Adrenalin is released into the vein.  It needs to go from the adrenal to the heart and from the heart to the muscles.  If you disconnect the pump it goes nowhere.  Period end discussion.  Arteries feed muscles not veins.  Veins are the return lines to the heart.

Dave


----------



## Mario7979

*300 Savage*

I have used a Savage 300 since someone wanted my Ruger M77 more than I did back in 1993....I have shot many deer with 150 and 180 gr....Never had to track a deer....Shot them all less than 50 yard....Shot my 8 pointer  19 November 2010 and he was less than 30 yards dead center of the chest and there was no exit wound....check him and only 1 entrance wound....Have him mounted on my wall....      

Not bashing anyone for what they use....I just know I do not have to track any of the deer I take....
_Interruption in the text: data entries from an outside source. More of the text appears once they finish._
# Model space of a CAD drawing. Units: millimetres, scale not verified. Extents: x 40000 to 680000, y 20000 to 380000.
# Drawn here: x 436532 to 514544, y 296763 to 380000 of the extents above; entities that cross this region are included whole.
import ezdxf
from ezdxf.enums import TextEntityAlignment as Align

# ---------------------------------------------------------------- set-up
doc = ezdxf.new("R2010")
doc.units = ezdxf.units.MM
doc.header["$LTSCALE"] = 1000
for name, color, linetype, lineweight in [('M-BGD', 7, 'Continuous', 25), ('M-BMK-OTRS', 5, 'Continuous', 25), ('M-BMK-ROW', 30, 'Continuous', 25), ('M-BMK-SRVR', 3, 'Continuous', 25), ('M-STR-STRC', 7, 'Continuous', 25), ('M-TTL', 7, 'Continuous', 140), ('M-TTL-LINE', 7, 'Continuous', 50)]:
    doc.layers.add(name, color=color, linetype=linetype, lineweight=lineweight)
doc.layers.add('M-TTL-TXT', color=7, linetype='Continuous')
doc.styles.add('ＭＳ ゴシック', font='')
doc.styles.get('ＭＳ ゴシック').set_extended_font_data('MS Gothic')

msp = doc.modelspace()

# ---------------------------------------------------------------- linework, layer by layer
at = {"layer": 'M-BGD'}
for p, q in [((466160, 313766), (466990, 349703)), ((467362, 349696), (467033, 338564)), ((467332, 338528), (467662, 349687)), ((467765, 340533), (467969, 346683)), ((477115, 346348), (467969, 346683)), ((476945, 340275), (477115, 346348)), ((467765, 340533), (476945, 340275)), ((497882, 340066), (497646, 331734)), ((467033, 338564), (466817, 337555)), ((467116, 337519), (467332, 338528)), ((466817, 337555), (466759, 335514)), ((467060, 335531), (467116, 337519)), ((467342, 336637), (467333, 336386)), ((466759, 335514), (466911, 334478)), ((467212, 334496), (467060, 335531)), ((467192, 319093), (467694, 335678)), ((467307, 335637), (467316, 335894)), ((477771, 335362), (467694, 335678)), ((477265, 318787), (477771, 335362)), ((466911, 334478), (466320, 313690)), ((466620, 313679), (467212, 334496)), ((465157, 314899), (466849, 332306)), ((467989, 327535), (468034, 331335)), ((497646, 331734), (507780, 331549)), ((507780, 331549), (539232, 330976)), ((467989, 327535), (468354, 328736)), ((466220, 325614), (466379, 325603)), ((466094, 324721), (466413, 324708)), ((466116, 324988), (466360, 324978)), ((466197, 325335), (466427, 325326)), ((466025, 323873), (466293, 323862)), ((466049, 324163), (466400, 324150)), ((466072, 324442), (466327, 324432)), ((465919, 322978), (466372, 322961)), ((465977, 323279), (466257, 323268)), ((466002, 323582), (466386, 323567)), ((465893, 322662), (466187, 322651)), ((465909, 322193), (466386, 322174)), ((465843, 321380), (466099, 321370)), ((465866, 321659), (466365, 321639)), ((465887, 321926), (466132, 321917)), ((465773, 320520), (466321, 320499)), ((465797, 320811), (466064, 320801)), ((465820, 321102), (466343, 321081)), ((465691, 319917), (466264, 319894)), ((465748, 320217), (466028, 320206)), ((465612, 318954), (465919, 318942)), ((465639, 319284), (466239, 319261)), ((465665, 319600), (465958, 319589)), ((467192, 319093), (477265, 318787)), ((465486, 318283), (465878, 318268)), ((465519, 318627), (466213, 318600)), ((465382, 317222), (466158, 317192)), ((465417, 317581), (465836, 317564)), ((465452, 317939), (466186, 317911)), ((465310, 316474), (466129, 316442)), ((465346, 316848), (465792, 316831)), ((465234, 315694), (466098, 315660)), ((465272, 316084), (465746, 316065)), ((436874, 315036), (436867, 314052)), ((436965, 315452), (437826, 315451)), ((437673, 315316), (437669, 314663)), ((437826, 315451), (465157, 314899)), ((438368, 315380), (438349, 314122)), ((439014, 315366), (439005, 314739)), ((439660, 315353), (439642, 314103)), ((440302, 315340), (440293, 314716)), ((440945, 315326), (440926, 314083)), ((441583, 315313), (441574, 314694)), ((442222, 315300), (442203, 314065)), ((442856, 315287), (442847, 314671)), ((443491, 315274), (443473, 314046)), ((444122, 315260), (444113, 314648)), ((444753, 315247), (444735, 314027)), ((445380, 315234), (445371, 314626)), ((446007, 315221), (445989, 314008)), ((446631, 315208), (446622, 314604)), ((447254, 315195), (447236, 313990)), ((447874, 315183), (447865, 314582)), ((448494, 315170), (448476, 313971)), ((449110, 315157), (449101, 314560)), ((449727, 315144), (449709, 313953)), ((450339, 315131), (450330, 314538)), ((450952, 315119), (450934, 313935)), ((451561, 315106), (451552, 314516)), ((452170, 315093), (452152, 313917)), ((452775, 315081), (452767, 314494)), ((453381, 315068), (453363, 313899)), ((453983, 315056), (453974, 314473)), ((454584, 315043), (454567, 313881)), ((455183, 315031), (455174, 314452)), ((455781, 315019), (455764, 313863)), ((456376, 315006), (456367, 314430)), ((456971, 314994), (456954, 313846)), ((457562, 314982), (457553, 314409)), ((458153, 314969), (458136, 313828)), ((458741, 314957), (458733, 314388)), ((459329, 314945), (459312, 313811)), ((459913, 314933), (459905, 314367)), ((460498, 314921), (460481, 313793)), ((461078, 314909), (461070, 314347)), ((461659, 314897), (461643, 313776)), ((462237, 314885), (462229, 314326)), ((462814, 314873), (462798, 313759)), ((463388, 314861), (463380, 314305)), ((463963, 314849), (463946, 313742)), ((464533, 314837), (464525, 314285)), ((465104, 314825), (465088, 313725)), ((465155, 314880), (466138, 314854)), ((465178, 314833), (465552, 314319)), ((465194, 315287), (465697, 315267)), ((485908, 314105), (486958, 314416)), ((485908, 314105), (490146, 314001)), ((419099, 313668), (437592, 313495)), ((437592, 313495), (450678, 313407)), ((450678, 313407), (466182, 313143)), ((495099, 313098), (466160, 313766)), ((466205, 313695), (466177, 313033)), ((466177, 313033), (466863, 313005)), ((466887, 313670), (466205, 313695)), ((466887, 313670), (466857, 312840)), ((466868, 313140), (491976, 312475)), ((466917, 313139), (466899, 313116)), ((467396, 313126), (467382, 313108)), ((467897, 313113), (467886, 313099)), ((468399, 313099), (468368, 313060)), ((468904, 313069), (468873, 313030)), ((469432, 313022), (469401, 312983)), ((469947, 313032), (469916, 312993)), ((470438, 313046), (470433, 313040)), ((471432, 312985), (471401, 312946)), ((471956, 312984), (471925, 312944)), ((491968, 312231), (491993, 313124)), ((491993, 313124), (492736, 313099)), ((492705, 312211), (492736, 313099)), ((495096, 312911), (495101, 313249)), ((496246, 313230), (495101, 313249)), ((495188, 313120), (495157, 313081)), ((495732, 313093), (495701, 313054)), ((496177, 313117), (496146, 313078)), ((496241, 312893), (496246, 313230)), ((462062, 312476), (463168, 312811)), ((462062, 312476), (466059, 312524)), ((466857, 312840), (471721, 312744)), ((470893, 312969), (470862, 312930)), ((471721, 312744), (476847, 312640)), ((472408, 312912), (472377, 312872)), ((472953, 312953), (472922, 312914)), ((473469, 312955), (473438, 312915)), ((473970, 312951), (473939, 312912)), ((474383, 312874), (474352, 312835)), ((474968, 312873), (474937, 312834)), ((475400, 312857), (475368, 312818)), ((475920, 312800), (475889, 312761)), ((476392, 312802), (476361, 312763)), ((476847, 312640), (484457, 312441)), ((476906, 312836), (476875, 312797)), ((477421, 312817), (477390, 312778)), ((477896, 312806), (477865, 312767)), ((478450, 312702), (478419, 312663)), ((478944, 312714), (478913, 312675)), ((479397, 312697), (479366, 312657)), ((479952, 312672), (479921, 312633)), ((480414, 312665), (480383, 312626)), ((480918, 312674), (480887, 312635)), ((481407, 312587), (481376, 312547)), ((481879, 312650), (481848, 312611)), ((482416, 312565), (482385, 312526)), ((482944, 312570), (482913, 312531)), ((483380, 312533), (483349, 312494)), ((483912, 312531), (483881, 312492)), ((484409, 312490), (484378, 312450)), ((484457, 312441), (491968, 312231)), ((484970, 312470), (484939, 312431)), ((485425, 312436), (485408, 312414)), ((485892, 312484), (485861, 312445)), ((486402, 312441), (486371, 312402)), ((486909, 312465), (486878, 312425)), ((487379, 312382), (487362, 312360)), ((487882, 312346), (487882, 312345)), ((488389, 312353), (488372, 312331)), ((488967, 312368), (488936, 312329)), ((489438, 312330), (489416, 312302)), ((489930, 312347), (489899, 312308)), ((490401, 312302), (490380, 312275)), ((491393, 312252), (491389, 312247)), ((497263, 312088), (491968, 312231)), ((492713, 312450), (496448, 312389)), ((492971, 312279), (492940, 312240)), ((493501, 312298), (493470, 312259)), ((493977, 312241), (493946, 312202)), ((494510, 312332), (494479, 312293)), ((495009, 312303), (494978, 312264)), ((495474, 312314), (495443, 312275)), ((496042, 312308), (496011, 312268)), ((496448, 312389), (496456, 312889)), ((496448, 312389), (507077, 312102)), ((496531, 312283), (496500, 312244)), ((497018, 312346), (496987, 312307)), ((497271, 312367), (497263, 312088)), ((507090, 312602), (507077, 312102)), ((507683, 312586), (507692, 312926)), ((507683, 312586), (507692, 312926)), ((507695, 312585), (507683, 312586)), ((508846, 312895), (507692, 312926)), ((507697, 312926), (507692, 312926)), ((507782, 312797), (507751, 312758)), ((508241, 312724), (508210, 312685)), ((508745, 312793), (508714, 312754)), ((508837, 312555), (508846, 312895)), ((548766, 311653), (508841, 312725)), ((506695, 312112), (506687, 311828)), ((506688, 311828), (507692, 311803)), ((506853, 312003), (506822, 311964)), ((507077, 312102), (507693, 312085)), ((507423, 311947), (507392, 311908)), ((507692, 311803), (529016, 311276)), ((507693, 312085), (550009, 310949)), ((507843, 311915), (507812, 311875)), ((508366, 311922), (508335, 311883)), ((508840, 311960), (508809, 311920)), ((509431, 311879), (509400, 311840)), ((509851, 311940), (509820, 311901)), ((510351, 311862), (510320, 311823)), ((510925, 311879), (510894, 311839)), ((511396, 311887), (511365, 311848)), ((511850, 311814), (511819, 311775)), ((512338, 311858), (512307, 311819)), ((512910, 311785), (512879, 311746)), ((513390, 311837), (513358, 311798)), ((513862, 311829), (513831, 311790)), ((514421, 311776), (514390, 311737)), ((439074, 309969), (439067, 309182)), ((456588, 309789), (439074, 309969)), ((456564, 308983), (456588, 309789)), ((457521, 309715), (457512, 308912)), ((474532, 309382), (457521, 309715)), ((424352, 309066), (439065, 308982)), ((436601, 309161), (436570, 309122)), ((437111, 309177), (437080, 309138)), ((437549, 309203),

_______________________________________________


papachaz said:


> wrong again. you'll get such a fast pass through on close shots with either of those calibers that you won't get much bullet expansion at all. talking shots under 100 yards here.
> 
> honestly speaking, not bashing anyone who wants to shoot one of those cannons, but you couldn't give me one of them if you made it mandatory that I had to keep it. give me one I could trade or sell, sure, but not if I had to keep it


----------



## grouper sandwich

deast1988 said:


> Ask the blood hounds which caliber is called on the most? It'll be a .270. Dog trackers love 130gr .270s.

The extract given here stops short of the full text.